A HCA is performed on each input tables, with:

- 1 - correlation coefficient, as distance

- Ward as aggregation method.

- 'Default': generates a pdf file with a colored correlation table if the filtered table has no dimension above 1000 (number of lines or columns).

- 'Always plot a colored table': used when you are not afraid of huge colored correlation table; to be used wisely.

- 'No colored table': the module will generate the correlation table in tabular format only (no pdf file).

Only available whenPDF outputis set to 'Default' or 'Always plot a colored table'.Allows to create a colored correlation table. Variables of table 1 and variables of table 2 are related using colored rectangles.About the colors, the negative correlations are in red, more or less intense according to their position between -1 and 0, and the positive correlations in green, more or less intense according to their position between 0 and 1. The coefficients equal to 0 are in white.- 'Standard': the graphical representation has a scale with a smooth gradient between three colors: red, white and green.- 'Customized': the colored correlation table has coefficient classes. It is possible to create regular or irregular classes. The scale is discreet.

- 'Regular': classes are all (or almost) the same size.

To realize these intervals, we start from 1 to go to 0 by taking a step of the size chosen by the user, and we make the symmetry for -1 towards 0. If the last step does not fall on the 0 value, we create a class between this last value and 0, smaller in size than the others. It is important to specify that 0 represents a class on its own, which is assigned the color white for the heatmap.
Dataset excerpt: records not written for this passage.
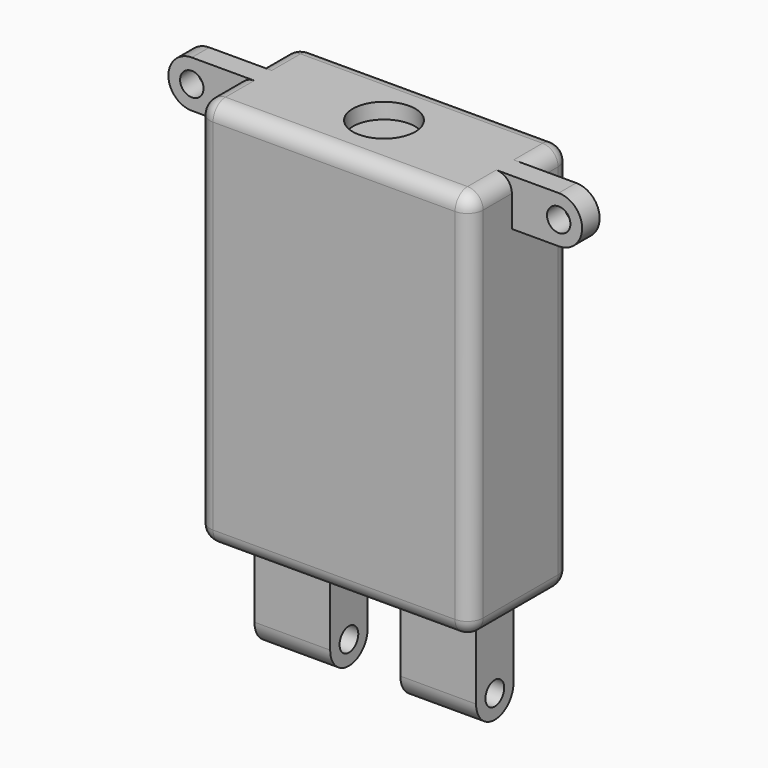
from build123d import *

# Parameters (mm, degrees)
F1_DEPTH      = 17.5
F2_W          = 6.3770967536
F2_H          = 17.8738087416
F2_W_2        = 4.4888177946
F3_DEPTH      = 12.5
F5_R          = 4
F6_DEPTH      = 2
F7_R          = 1.5
F8_DEPTH      = 1.4
F10_R         = 2
F11_T1_DEPTH  = 12
F11_T3_DEPTH  = 4.6
F11_T5_DEPTH  = 4.6
F11_S9_W      = 2
F11_S9_H      = 2
F11_T10_DEPTH = 2
F11_S15_W     = 2
F11_S15_H     = 2
F11_T16_DEPTH = 2
F11_S21_W     = 2
F11_S21_H     = 2
F11_T22_DEPTH = 2
F11_S27_W     = 2
F11_S27_H     = 2
F11_T28_DEPTH = 2
F11_S33_W     = 2
F11_S33_H     = 2
F11_T34_DEPTH = 2
F11_S39_W     = 2
F11_S39_H     = 2
F11_T40_DEPTH = 2
F11_S45_W     = 2
F11_S45_H     = 2
F11_T46_DEPTH = 2
F11_S51_W     = 2
F11_S51_H     = 2
F11_T52_DEPTH = 2
F11_T58_DEPTH = 9.6
F11_T63_DEPTH = 9.6
F11_T68_DEPTH = 9.6
F11_T73_DEPTH = 9.6


# Not quite as in the source:
# - a fillet or chamfer that OpenCascade refuses, or shapes differently, is made with other operations: its cross-section is extruded or revolved along the edge and cut away or added


with BuildPart() as f1:
    # F0 (on Right) → F1 (new body, symmetric)
    with BuildSketch(Plane.YZ):
        Polygon((3, 0), (8, 0), (8, 50), (-8, 50), (-8, 0), (-3, 0), align=None)
        with BuildLine():
            Line((3, -10), (3, 0))
            Line((3, 0), (-3, 0))
            Line((-3, 0), (-3, -10))
            ThreePointArc((-3, -10), (0, -7), (3, -10))
        make_face()
        with BuildLine():
            ThreePointArc((-3, -10), (0, -13), (3, -10))
            ThreePointArc((3, -10), (0, -7), (-3, -10))
        make_face()
        with BuildLine():
            ThreePointArc((1.5, -10), (0, -11.5), (-1.5, -10))
            ThreePointArc((-1.5, -10), (0, -8.5), (1.5, -10))
        make_face(mode=Mode.SUBTRACT)
    extrude(amount=F1_DEPTH, both=True)

    # F2 (on Front) → F3 (cut, symmetric)
    with BuildSketch(Plane.XZ):
        with Locations((-17.3829572741, -8.9369043708)):
            Rectangle(F2_W, F2_H)
        Polygon((-0.0055911027, 0), (-4.4944088973, 0), (-4.4944088973, -17.8738087416), (-0.0055911027, -17.8738087416), (0.0055911027, -17.8738087416), (0.0055911027, 0), align=None)
        with Locations((2.25, -8.9369043708)):
            Rectangle(F2_W_2, F2_H)
        with Locations((17.3829572741, -8.9369043708)):
            Rectangle(F2_W, F2_H)
    extrude(amount=F3_DEPTH, both=True, mode=Mode.SUBTRACT)

    # F5 (on offset) → F6 (cut)
    with BuildSketch(Plane.XY.offset(50)):
        Circle(F5_R)
    extrude(amount=-F6_DEPTH, mode=Mode.SUBTRACT)

    # F7 (on Front) → F8 (join, symmetric)
    with BuildSketch(Plane.XZ):
        with BuildLine():
            Line((23.5, 50), (17.5, 50))
            Line((17.5, 50), (17.5, 44))
            Line((17.5, 44), (23.5, 44))
            ThreePointArc((23.5, 44), (26.5, 47), (23.5, 50))
        make_face()
        with Locations((23.5, 47)):
            Circle(F7_R, mode=Mode.SUBTRACT)
    extrude(amount=F8_DEPTH, both=True)

    # F9: F1 across plane


with BuildPart() as f1_1:
    add(f1.part)
    add(f1.part.mirror(Plane.YZ))

    # F10
    f10_edges = [f1_1.edges().sort_by_distance(p)[0] for p in [
        (0, -8, 50),
        (-17.5, -8, 25),
        (0, -8, 0),
        (17.5, -8, 25),
        (0, 8, 0),
        (-17.5, 8, 25),
        (0, 8, 50),
        (17.5, 8, 25),
    ]]
    fillet(f10_edges, radius=F10_R)

    # F11: fillet of radius 2 on 8 edges, made by hand

    # F11_s2 → F11_t1 (cut)
    with BuildSketch(Plane.XZ.offset(-6)):
        with BuildLine():
            ThreePointArc((15.5, 0), (16.9142135624, 0.5857864376), (17.5, 2))
            Line((17.5, 2), (17.5, 0))
            Line((17.5, 0), (15.5, 0))
        make_face()
        with BuildLine():
            ThreePointArc((-15.5, 0), (-16.9142135624, 0.5857864376), (-17.5, 2))
            Line((-17.5, 2), (-17.5, 0))
            Line((-17.5, 0), (-15.5, 0))
        make_face()
    extrude(amount=F11_T1_DEPTH, mode=Mode.SUBTRACT)

    # F11_s4 → F11_t3 (cut)
    with BuildSketch(Plane.XZ.offset(-6)):
        with BuildLine():
            ThreePointArc((17.5, 48), (16.9142135624, 49.4142135624), (15.5, 50))
            Line((15.5, 50), (17.5, 50))
            Line((17.5, 50), (17.5, 48))
        make_face()
        with BuildLine():
            ThreePointArc((-17.5, 48), (-16.9142135624, 49.4142135624), (-15.5, 50))
            Line((-15.5, 50), (-17.5, 50))
            Line((-17.5, 50), (-17.5, 48))
        make_face()
    extrude(amount=F11_T3_DEPTH, mode=Mode.SUBTRACT)

    # F11_s6 → F11_t5 (cut)
    with BuildSketch(Plane.XZ.offset(1.4)):
        with BuildLine():
            ThreePointArc((17.5, 48), (16.9142135624, 49.4142135624), (15.5, 50))
            Line((15.5, 50), (17.5, 50))
            Line((17.5, 50), (17.5, 48))
        make_face()
        with BuildLine():
            ThreePointArc((-17.5, 48), (-16.9142135624, 49.4142135624), (-15.5, 50))
            Line((-15.5, 50), (-17.5, 50))
            Line((-17.5, 50), (-17.5, 48))
        make_face()
    extrude(amount=F11_T5_DEPTH, mode=Mode.SUBTRACT)


with BuildPart() as f11_tool8:
    # F11_s9 → F11_t10 (new body)
    with BuildSketch(Plane.YZ.offset(-15.5)):
        with Locations((7, 49)):
            Rectangle(F11_S9_W, F11_S9_H)
    extrude(amount=-F11_T10_DEPTH)

    # F11_s11 → F11_t12 (revolve, cut)
    with BuildSketch(Plane(origin=(-15.5, 6, 48), x_dir=(0, -0.7071067812, -0.7071067812), z_dir=(0, 0.7071067812, -0.7071067812))):
        with BuildLine():
            ThreePointArc((0, -2), (2, 0), (0, 2))
            Line((0, 2), (0, -2))
        make_face()
    revolve(axis=Axis((-15.5, 6, 48), (-1, 0, 0)), mode=Mode.SUBTRACT)


with BuildPart() as f1_2:
    add(f1_1.part)

    # F11_t7: cut F11_tool8
    add(f11_tool8.part, mode=Mode.SUBTRACT)


with BuildPart() as f11_tool14:
    # F11_s15 → F11_t16 (new body)
    with BuildSketch(Plane.YZ.offset(-15.5)):
        with Locations((-7, 49)):
            Rectangle(F11_S15_W, F11_S15_H)
    extrude(amount=-F11_T16_DEPTH)

    # F11_s17 → F11_t18 (revolve, cut)
    with BuildSketch(Plane(origin=(-15.5, -6, 48), x_dir=(0, 0.7071067812, -0.7071067812), z_dir=(0, 0.7071067812, 0.7071067812))):
        with BuildLine():
            ThreePointArc((0, -2), (2, 0), (0, 2))
            Line((0, 2), (0, -2))
        make_face()
    revolve(axis=Axis((-15.5, -6, 48), (-1, 0, 0)), mode=Mode.SUBTRACT)


with BuildPart() as f1_3:
    add(f1_2.part)

    # F11_t13: cut F11_tool14
    add(f11_tool14.part, mode=Mode.SUBTRACT)


with BuildPart() as f11_tool20:
    # F11_s21 → F11_t22 (new body)
    with BuildSketch(Plane.YZ.offset(15.5)):
        with Locations((-7, 49)):
            Rectangle(F11_S21_W, F11_S21_H)
    extrude(amount=F11_T22_DEPTH)

    # F11_s23 → F11_t24 (revolve, cut)
    with BuildSketch(Plane(origin=(15.5, -6, 48), x_dir=(0, 0.7071067812, -0.7071067812), z_dir=(0, -0.7071067812, -0.7071067812))):
        with BuildLine():
            ThreePointArc((0, -2), (2, 0), (0, 2))
            Line((0, 2), (0, -2))
        make_face()
    revolve(axis=Axis((15.5, -6, 48), (1, 0, 0)), mode=Mode.SUBTRACT)


with BuildPart() as f1_4:
    add(f1_3.part)

    # F11_t19: cut F11_tool20
    add(f11_tool20.part, mode=Mode.SUBTRACT)


with BuildPart() as f11_tool26:
    # F11_s27 → F11_t28 (new body)
    with BuildSketch(Plane.YZ.offset(15.5)):
        with Locations((7, 49)):
            Rectangle(F11_S27_W, F11_S27_H)
    extrude(amount=F11_T28_DEPTH)

    # F11_s29 → F11_t30 (revolve, cut)
    with BuildSketch(Plane(origin=(15.5, 6, 48), x_dir=(0, -0.7071067812, -0.7071067812), z_dir=(0, -0.7071067812, 0.7071067812))):
        with BuildLine():
            ThreePointArc((0, -2), (2, 0), (0, 2))
            Line((0, 2), (0, -2))
        make_face()
    revolve(axis=Axis((15.5, 6, 48), (1, 0, 0)), mode=Mode.SUBTRACT)


with BuildPart() as f1_5:
    add(f1_4.part)

    # F11_t25: cut F11_tool26
    add(f11_tool26.part, mode=Mode.SUBTRACT)


with BuildPart() as f11_tool32:
    # F11_s33 → F11_t34 (new body)
    with BuildSketch(Plane.XY.offset(2)):
        with Locations((-16.5, -7)):
            Rectangle(F11_S33_W, F11_S33_H)
    extrude(amount=-F11_T34_DEPTH)

    # F11_s35 → F11_t36 (revolve, cut)
    with BuildSketch(Plane(origin=(-15.5, -6, 2), x_dir=(0.7071067812, 0.7071067812, 0), z_dir=(-0.7071067812, 0.7071067812, 0))):
        with BuildLine():
            ThreePointArc((0, -2), (2, 0), (0, 2))
            Line((0, 2), (0, -2))
        make_face()
    revolve(axis=Axis((-15.5, -6, 2), (0, 0, -1)), mode=Mode.SUBTRACT)


with BuildPart() as f1_6:
    add(f1_5.part)

    # F11_t31: cut F11_tool32
    add(f11_tool32.part, mode=Mode.SUBTRACT)


with BuildPart() as f11_tool38:
    # F11_s39 → F11_t40 (new body)
    with BuildSketch(Plane.XY.offset(2)):
        with Locations((-16.5, 7)):
            Rectangle(F11_S39_W, F11_S39_H)
    extrude(amount=-F11_T40_DEPTH)

    # F11_s41 → F11_t42 (revolve, cut)
    with BuildSketch(Plane(origin=(-15.5, 6, 2), x_dir=(0.7071067812, -0.7071067812, 0), z_dir=(0.7071067812, 0.7071067812, 0))):
        with BuildLine():
            ThreePointArc((0, -2), (2, 0), (0, 2))
            Line((0, 2), (0, -2))
        make_face()
    revolve(axis=Axis((-15.5, 6, 2), (0, 0, -1)), mode=Mode.SUBTRACT)


with BuildPart() as f1_7:
    add(f1_6.part)

    # F11_t37: cut F11_tool38
    add(f11_tool38.part, mode=Mode.SUBTRACT)


with BuildPart() as f11_tool44:
    # F11_s45 → F11_t46 (new body)
    with BuildSketch(Plane.XY.offset(2)):
        with Locations((16.5, 7)):
            Rectangle(F11_S45_W, F11_S45_H)
    extrude(amount=-F11_T46_DEPTH)

    # F11_s47 → F11_t48 (revolve, cut)
    with BuildSketch(Plane(origin=(15.5, 6, 2), x_dir=(-0.7071067812, -0.7071067812, 0), z_dir=(0.7071067812, -0.7071067812, 0))):
        with BuildLine():
            ThreePointArc((0, -2), (2, 0), (0, 2))
            Line((0, 2), (0, -2))
        make_face()
    revolve(axis=Axis((15.5, 6, 2), (0, 0, -1)), mode=Mode.SUBTRACT)


with BuildPart() as f1_8:
    add(f1_7.part)

    # F11_t43: cut F11_tool44
    add(f11_tool44.part, mode=Mode.SUBTRACT)


with BuildPart() as f11_tool50:
    # F11_s51 → F11_t52 (new body)
    with BuildSketch(Plane.XY.offset(2)):
        with Locations((16.5, -7)):
            Rectangle(F11_S51_W, F11_S51_H)
    extrude(amount=-F11_T52_DEPTH)

    # F11_s53 → F11_t54 (revolve, cut)
    with BuildSketch(Plane(origin=(15.5, -6, 2), x_dir=(-0.7071067812, 0.7071067812, 0), z_dir=(-0.7071067812, -0.7071067812, 0))):
        with BuildLine():
            ThreePointArc((0, -2), (2, 0), (0, 2))
            Line((0, 2), (0, -2))
        make_face()
    revolve(axis=Axis((15.5, -6, 2), (0, 0, -1)), mode=Mode.SUBTRACT)


with BuildPart() as f1_9:
    add(f1_8.part)

    # F11_t49: cut F11_tool50
    add(f11_tool50.part, mode=Mode.SUBTRACT)


with BuildPart() as f11_tool56:
    # F11_s57 → F11_t58 (new body)
    with BuildSketch(Plane.XZ.offset(-6)):
        with BuildLine():
            ThreePointArc((17.5, 48), (16.9142135624, 49.4142135624), (15.5, 50))
            Line((15.5, 50), (17.5, 50))
            Line((17.5, 50), (17.5, 48))
        make_face()
    extrude(amount=F11_T58_DEPTH)

    split(bisect_by=Plane.XZ.offset(1.4), keep=Keep.TOP)


with BuildPart() as f1_10:
    add(f1_9.part)

    # F11_t55: cut F11_tool56
    add(f11_tool56.part, mode=Mode.SUBTRACT)


with BuildPart() as f11_tool61:
    # F11_s62 → F11_t63 (new body)
    with BuildSketch(Plane.XZ.offset(-3.6)):
        with BuildLine():
            ThreePointArc((17.5, 48), (16.9142135624, 49.4142135624), (15.5, 50))
            Line((15.5, 50), (17.5, 50))
            Line((17.5, 50), (17.5, 48))
        make_face()
    extrude(amount=F11_T63_DEPTH)

    split(bisect_by=Plane.XZ.offset(-1.4), keep=Keep.BOTTOM)


with BuildPart() as f1_11:
    add(f1_10.part)

    # F11_t60: cut F11_tool61
    add(f11_tool61.part, mode=Mode.SUBTRACT)


with BuildPart() as f11_tool66:
    # F11_s67 → F11_t68 (new body)
    with BuildSketch(Plane.XZ.offset(-3.6)):
        with BuildLine():
            ThreePointArc((-17.5, 48), (-16.9142135624, 49.4142135624), (-15.5, 50))
            Line((-15.5, 50), (-17.5, 50))
            Line((-17.5, 50), (-17.5, 48))
        make_face()
    extrude(amount=F11_T68_DEPTH)

    split(bisect_by=Plane.XZ.offset(-1.4), keep=Keep.BOTTOM)


with BuildPart() as f1_12:
    add(f1_11.part)

    # F11_t65: cut F11_tool66
    add(f11_tool66.part, mode=Mode.SUBTRACT)


with BuildPart() as f11_tool71:
    # F11_s72 → F11_t73 (new body)
    with BuildSketch(Plane.XZ.offset(-6)):
        with BuildLine():
            ThreePointArc((-17.5, 48), (-16.9142135624, 49.4142135624), (-15.5, 50))
            Line((-15.5, 50), (-17.5, 50))
            Line((-17.5, 50), (-17.5, 48))
        make_face()
    extrude(amount=F11_T73_DEPTH)

    split(bisect_by=Plane.XZ.offset(1.4), keep=Keep.TOP)


with BuildPart() as f1_13:
    add(f1_12.part)

    # F11_t70: cut F11_tool71
    add(f11_tool71.part, mode=Mode.SUBTRACT)


solid = f1_13.part

Example: if the size is 0.4, classes are [-1;-0.6], ]-0.6;-0.2], ]-0.2;0[, 0, ]0;0.2], ]0.2;0.6] and ]0.6;1].

- 'Irregular': classes have variable lengths.

It is possible to do as many classes as you want, and of any size. There is not necessarily symmetry between -1 and 0, and 0 and 1. You can choose to have a white class with only 0, or an interval which contains the value 0.

Example: if the vector is (-0.8,-0.5,-0.4,0,0.4,0.5,0.8), the classes are [-1;-0.8], ]-0.8;-0.5], ]-0.5;-0.4], ]-0.4;0[, 0, ]0;0.4], ]0.4;0.5], ]0.5;0.8] and ]0.8;1].

Tabular outputCorrelation table between the variables of the two input tables

Pdf outputColored representation of the correlation table. The coefficients are replaced by colors. A coefficient close to -1 is red, close to 0 white, and close to 1 green.